I'm suprised. Really. Non-natives are taught those things at the very beginning of their learning process. Phrases like 'go by car', 'go on foot', 'go by bus' are a must 

And do you find "go by bus" unnatural as well?

A: How do you get there?
B: I went by bus.


----------



## kentix

As I have said in answers on other posts, I think they probably teach it because it's easy. It forms a regular pattern. And you will be understood if you say it, so it might be useful to a learner or someone with more basic English ability. But it's not very idiomatic in a casual English sense, in any of the many places I've lived. I wasn't exaggerating when I said I think you could go your whole life without using it. We say it differently by default.

How did you get there?

I drove.
I walked.
I rode my bike.
I took the bus.
I flew.
I rollerskated.
I ran.
I took my golf cart.

And others, without using "by".

"We were thinking about flying but we took our car instead."


----------



## zaffy

And coming back to this conversation I made up, do you find it natural if the B was a passanger, that is, didn't do the driving? Does the final reply sound natural?

_A: How did you go there? Did you fly?
B: I actually drove there.
A: I thought you hated driving.
B: Who said so? I love travelling by car._


----------



## kentix

Not so much, no.

_A: How did you go *get* there? Did you fly?
B: I actually drove there.
A: I thought you hated driving.
B: Who said so *that*? I love travelling by car driving (places)._

Using "places" reinforces that it's a habitual feeling related to traveling and distinguishes it from enjoying the actual physical driving process that a car hobbyist might enjoy for its own sake.


----------



## zaffy

kentix said:


> I love travelling by car driving



I see. So the context told you that she was a passanger despite using "driving", right? 


But normally, if you heard this, I guess, you would take it to mean that they love being a driver, right? 
A: What do you like most?
B: I love driving.


----------



## kentix

No, I took the person to be the driver. "I actually drove" means the person was the driver. If someone else was the driver, the person would have to say "We actually drove." They were part of the team that drove, even if they didn't drive themselves.


----------



## zaffy

kentix said:


> No, I took the person to be the driver. "I actually drove" means the person was the driver. If someone else was the driver, the person would have to say "We actually drove."


Ah, I see. That's what confused me. So could you tell me how to put this conversation if the B was a passanger?

_A: How did you get there? Did you fly?
B: *We* actually drove .
A: I thought you hated *driving*.  _ (Does driving work?)
_B: Who said that? I love ......        _(They love what? Drving?)


----------



## kentix

We (or I) would probably say it quite a bit differently.

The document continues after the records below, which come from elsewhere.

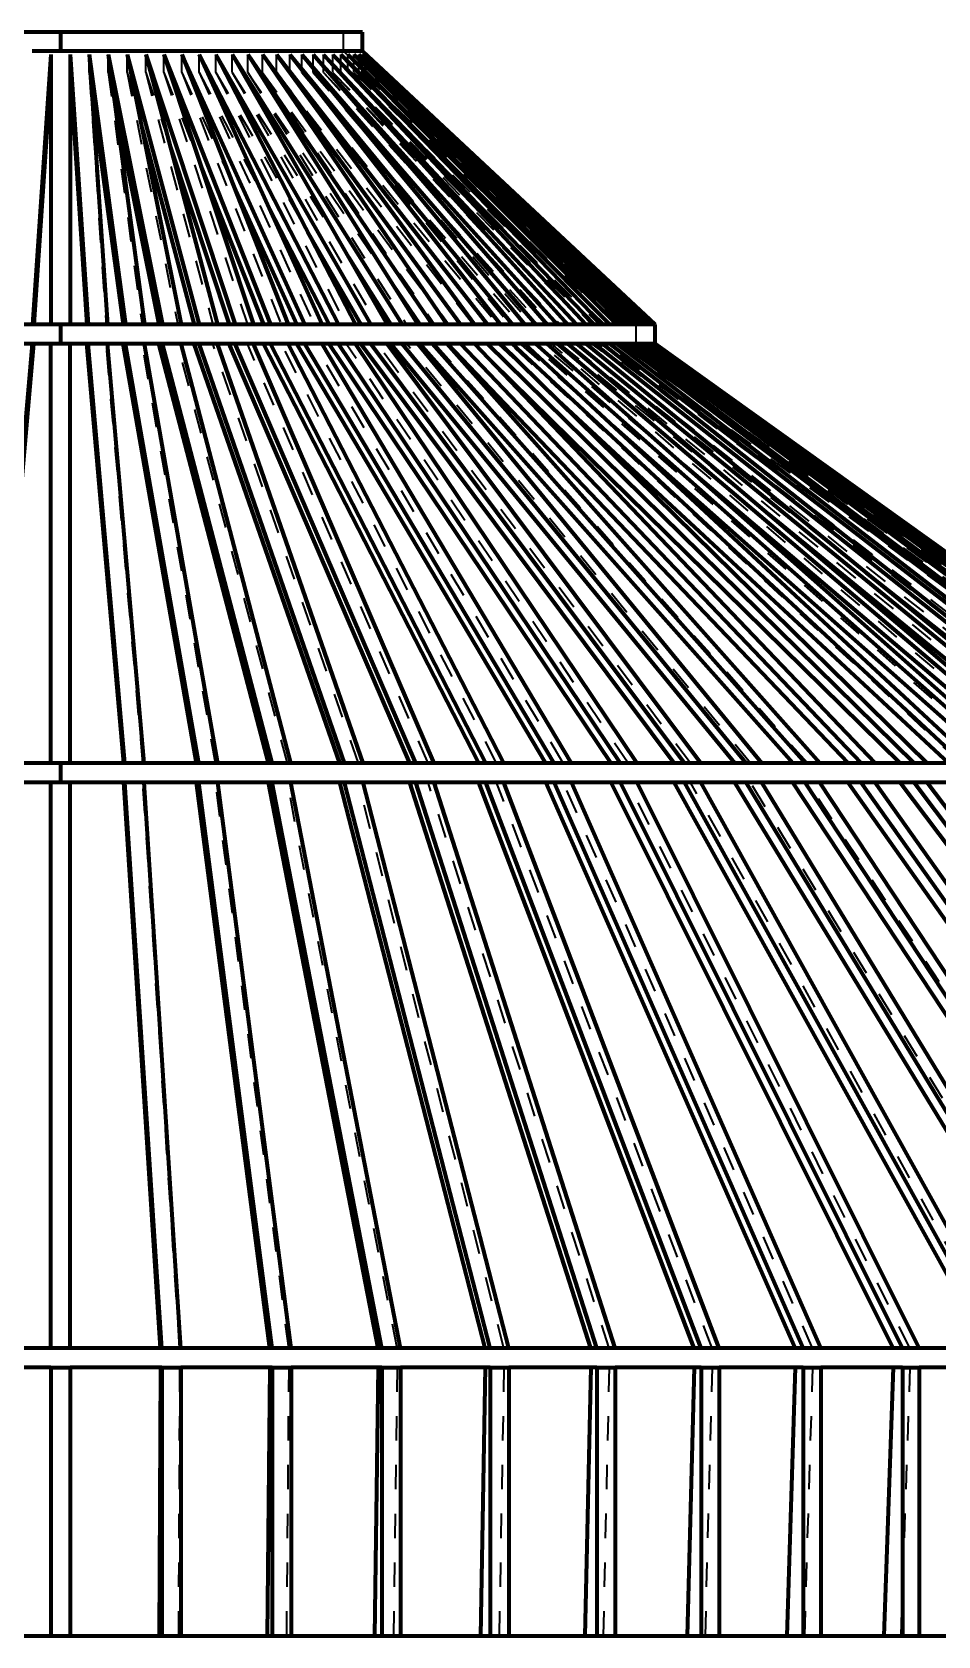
# Model space of a CAD drawing. Header units: inches. Extents: x -0.1 to 57.6, y -5.7 to 33.1.
# Drawn here: x 13.4 to 17.12, y 25.48 to 32.06 of the extents above; entities that cross this region are included whole.
import ezdxf

# ---------------------------------------------------------------- set-up
doc = ezdxf.new("R2010")
doc.units = ezdxf.units.IN
doc.header["$LTSCALE"] = 0.75
doc.header["$MEASUREMENT"] = 0
doc.linetypes.add('HIDDEN2', pattern=[0.1875, 0.125, -0.0625])
doc.layers.add('Hidden', color=7, linetype='HIDDEN2', lineweight=35)
doc.layers.add('Visible', color=7, linetype='Continuous', lineweight=70)

msp = doc.modelspace()

# ---------------------------------------------------------------- linework, layer by layer
at = {"layer": 'Hidden', "extrusion": (0, 1, 0)}
for p, q in [((14.6815, 31.9855), (14.6815, 32.0643)), ((14.6815, 31.9855), (15.8815, 30.8643)), ((13.6389, 31.8988), (13.6389, 31.9724)), ((13.717, 31.8988), (13.717, 31.9724)), ((13.7943, 31.8988), (13.7943, 31.9724)), ((13.8706, 31.8988), (13.8706, 31.9724)), ((13.9455, 31.8988), (13.9455, 31.9724)), ((14.0187, 31.8988), (14.0187, 31.9724)), ((14.0899, 31.8988), (14.0899, 31.9724)), ((14.1589, 31.8988), (14.1589, 31.9724)), ((14.2254, 31.8988), (14.2254, 31.9724)), ((14.2891, 31.8988), (14.2891, 31.9724)), ((14.3498, 31.8988), (14.3498, 31.9724)), ((14.4072, 31.8988), (14.4072, 31.9724)), ((14.4611, 31.8988), (14.4611, 31.9724)), ((14.5113, 31.8988), (14.5113, 31.9724)), ((14.5576, 31.8988), (14.5576, 31.9724)), ((14.5998, 31.8988), (14.5998, 31.9724)), ((14.6377, 31.8988), (14.6377, 31.9724)), ((14.6712, 31.8988), (14.6712, 31.9724)), ((14.7002, 31.8988), (14.7002, 31.9724)), ((14.7245, 31.8988), (14.7245, 31.9724)), ((14.7441, 31.8988), (14.7441, 31.9724)), ((14.7589, 31.8988), (14.7589, 31.9724)), ((14.7687, 31.8988), (14.7687, 31.9724)), ((14.7737, 31.8988), (14.7737, 31.9724)), ((13.6389, 31.8988), (13.6488, 31.825)), ((13.6389, 31.8988), (13.7084, 30.8643)), ((13.717, 31.8988), (13.7468, 31.7502)), ((13.717, 31.8988), (13.8558, 30.8643)), ((13.7943, 31.8988), (13.8542, 31.6739)), ((13.7943, 31.8988), (14.0019, 30.8643)), ((13.8706, 31.8988), (13.9709, 31.5955)), ((13.8706, 31.8988), (14.146, 30.8643)), ((13.9455, 31.8988), (14.0971, 31.5142)), ((13.9455, 31.8988), (14.2877, 30.8643)), ((14.0187, 31.8988), (14.2328, 31.4291)), ((14.0187, 31.8988), (14.4264, 30.8643)), ((14.0899, 31.8988), (14.3786, 31.3392)), ((14.0899, 31.8988), (14.5615, 30.8643)), ((14.1589, 31.8988), (14.5349, 31.2434)), ((14.1589, 31.8988), (14.6925, 30.8643)), ((14.2254, 31.8988), (14.7028, 31.1402)), ((14.2254, 31.8988), (14.8189, 30.8643)), ((14.2891, 31.8988), (14.8836, 31.0277)), ((14.2891, 31.8988), (14.9401, 30.8643)), ((14.3498, 31.8988), (15.079, 30.9038)), ((14.3498, 31.8988), (15.0558, 30.8643)), ((14.4072, 31.8988), (15.2145, 30.8643)), ((14.4072, 31.8988), (15.1653, 30.8643)), ((14.4611, 31.8988), (15.3145, 30.8643)), ((14.4611, 31.8988), (15.2684, 30.8643)), ((14.5113, 31.8988), (15.4073, 30.8643)), ((14.5113, 31.8988), (15.3646, 30.8643)), ((14.5576, 31.8988), (15.4927, 30.8643)), ((14.5576, 31.8988), (15.4536, 30.8643)), ((14.5998, 31.8988), (15.5703, 30.8643)), ((14.5998, 31.8988), (15.5349, 30.8643)), ((14.6377, 31.8988), (15.6398, 30.8643)), ((14.6377, 31.8988), (15.6082, 30.8643)), ((14.6712, 31.8988), (15.701, 30.8643)), ((14.6712, 31.8988), (15.6733, 30.8643)), ((14.7002, 31.8988), (15.7535, 30.8643)), ((14.7002, 31.8988), (15.7299, 30.8643)), ((14.7245, 31.8988), (15.7973, 30.8643)), ((14.7245, 31.8988), (15.7779, 30.8643)), ((14.7441, 31.8988), (15.832, 30.8643)), ((14.7441, 31.8988), (15.8168, 30.8643)), ((14.7589, 31.8988), (15.8577, 30.8643)), ((14.7589, 31.8988), (15.8468, 30.8643)), ((14.7687, 31.8988), (15.8741, 30.8643)), ((14.7687, 31.8988), (15.8675, 30.8643)), ((14.7737, 31.8988), (15.8812, 30.8643)), ((14.7737, 31.8988), (15.879, 30.8643)), ((15.8815, 30.7855), (15.8815, 30.8643)), ((13.8591, 29.0643), (13.7084, 30.7855)), ((14.1566, 29.0643), (13.8558, 30.7855)), ((14.4516, 29.0643), (14.0019, 30.7855)), ((14.7429, 29.0643), (14.146, 30.7855)), ((15.0294, 29.0643), (14.2877, 30.7855)), ((15.31, 29.0643), (14.4264, 30.7855)), ((15.5834, 29.0643), (14.5615, 30.7855)), ((15.8488, 29.0643), (14.6925, 30.7855)), ((16.1049, 29.0643), (14.8189, 30.7855)), ((16.3509, 29.0643), (14.9401, 30.7855)), ((16.5857, 29.0643), (15.0558, 30.7855)), ((16.8084, 29.0643), (15.1653, 30.7855)), ((15.2918, 30.7095), (15.2145, 30.7855)), ((17.0181, 29.0643), (15.2684, 30.7855)), ((15.5258, 30.5889), (15.3145, 30.7855)), ((17.214, 29.0643), (15.3646, 30.7855)), ((15.7862, 30.4497), (15.4073, 30.7855)), ((17.3953, 29.0643), (15.4536, 30.7855)), ((16.0809, 30.2859), (15.4927, 30.7855)), ((17.5614, 29.0643), (15.5349, 30.7855)), ((16.4217, 30.0888), (15.5703, 30.7855)), ((17.7115, 29.0643), (15.6082, 30.7855)), ((16.8269, 29.8447), (15.6398, 30.7855)), ((17.8451, 29.0643), (15.6733, 30.7855)), ((17.3265, 29.5318), (15.701, 30.7855)), ((17.9616, 29.0643), (15.7299, 30.7855)), ((17.9723, 29.1125), (15.7535, 30.7855)), ((18.0605, 29.0643), (15.7779, 30.7855)), ((18.122, 29.0643), (15.7973, 30.7855)), ((18.1416, 29.0643), (15.8168, 30.7855)), ((18.1897, 29.0643), (15.832, 30.7855)), ((18.2044, 29.0643), (15.8468, 30.7855)), ((18.2389, 29.0643), (15.8577, 30.7855)), ((18.2488, 29.0643), (15.8675, 30.7855)), ((18.2695, 29.0643), (15.8741, 30.7855)), ((18.2744, 29.0643), (15.879, 30.7855)), ((18.2814, 29.0643), (15.8812, 30.7855)), ((15.8815, 30.7855), (18.2815, 29.0643)), ((14.0098, 26.6643), (13.8591, 28.9855)), ((14.0098, 26.6643), (13.8591, 28.9855)), ((14.4574, 26.6643), (14.1566, 28.9855)), ((14.4574, 26.6643), (14.1566, 28.9855)), ((14.9013, 26.6643), (14.4516, 28.9855)), ((14.9013, 26.6643), (14.4516, 28.9855)), ((15.3398, 26.6643), (14.7429, 28.9855)), ((15.3398, 26.6643), (14.7429, 28.9855)), ((15.7711, 26.6643), (15.0294, 28.9855)), ((15.7711, 26.6643), (15.0294, 28.9855)), ((16.1935, 26.6643), (15.31, 28.9855)), ((16.1935, 26.6643), (15.31, 28.9855)), ((16.6053, 26.6643), (15.5834, 28.9855)), ((16.6053, 26.6643), (15.5834, 28.9855)), ((17.005, 26.6643), (15.8488, 28.9855)), ((17.005, 26.6643), (15.8488, 28.9855)), ((17.3909, 26.6643), (16.1049, 28.9855)), ((17.3909, 26.6643), (16.1049, 28.9855)), ((17.7616, 26.6643), (16.3509, 28.9855)), ((17.7616, 26.6643), (16.3509, 28.9855)), ((18.1155, 26.6643), (16.5857, 28.9855)), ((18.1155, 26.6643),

_A: How did you get there? Did you fly?
B: *We* actually drove.
A: I thought you hated *long car trips*.
B: Who said that? I love road trips. / I love being on the road._


----------



## sound shift

zaffy said:


> And do you find "go by bus" unnatural as well?
> 
> A: How do you get there?
> B: I went by bus.


I don't know about 'unnatural', but I wouldn't reply as B did. I'd say, 'On the bus' or 'I got the bus'.


----------



## zaffy

sound shift said:


> I don't know about 'unnatural', but I wouldn't reply as B did. I'd say, 'On the bus' or 'I got the bus'.


Too bad schools and coursebooks teach unnatural language.


----------



## kentix

zaffy said:


> Non-natives are taught those things _at the very beginning_ of their learning process.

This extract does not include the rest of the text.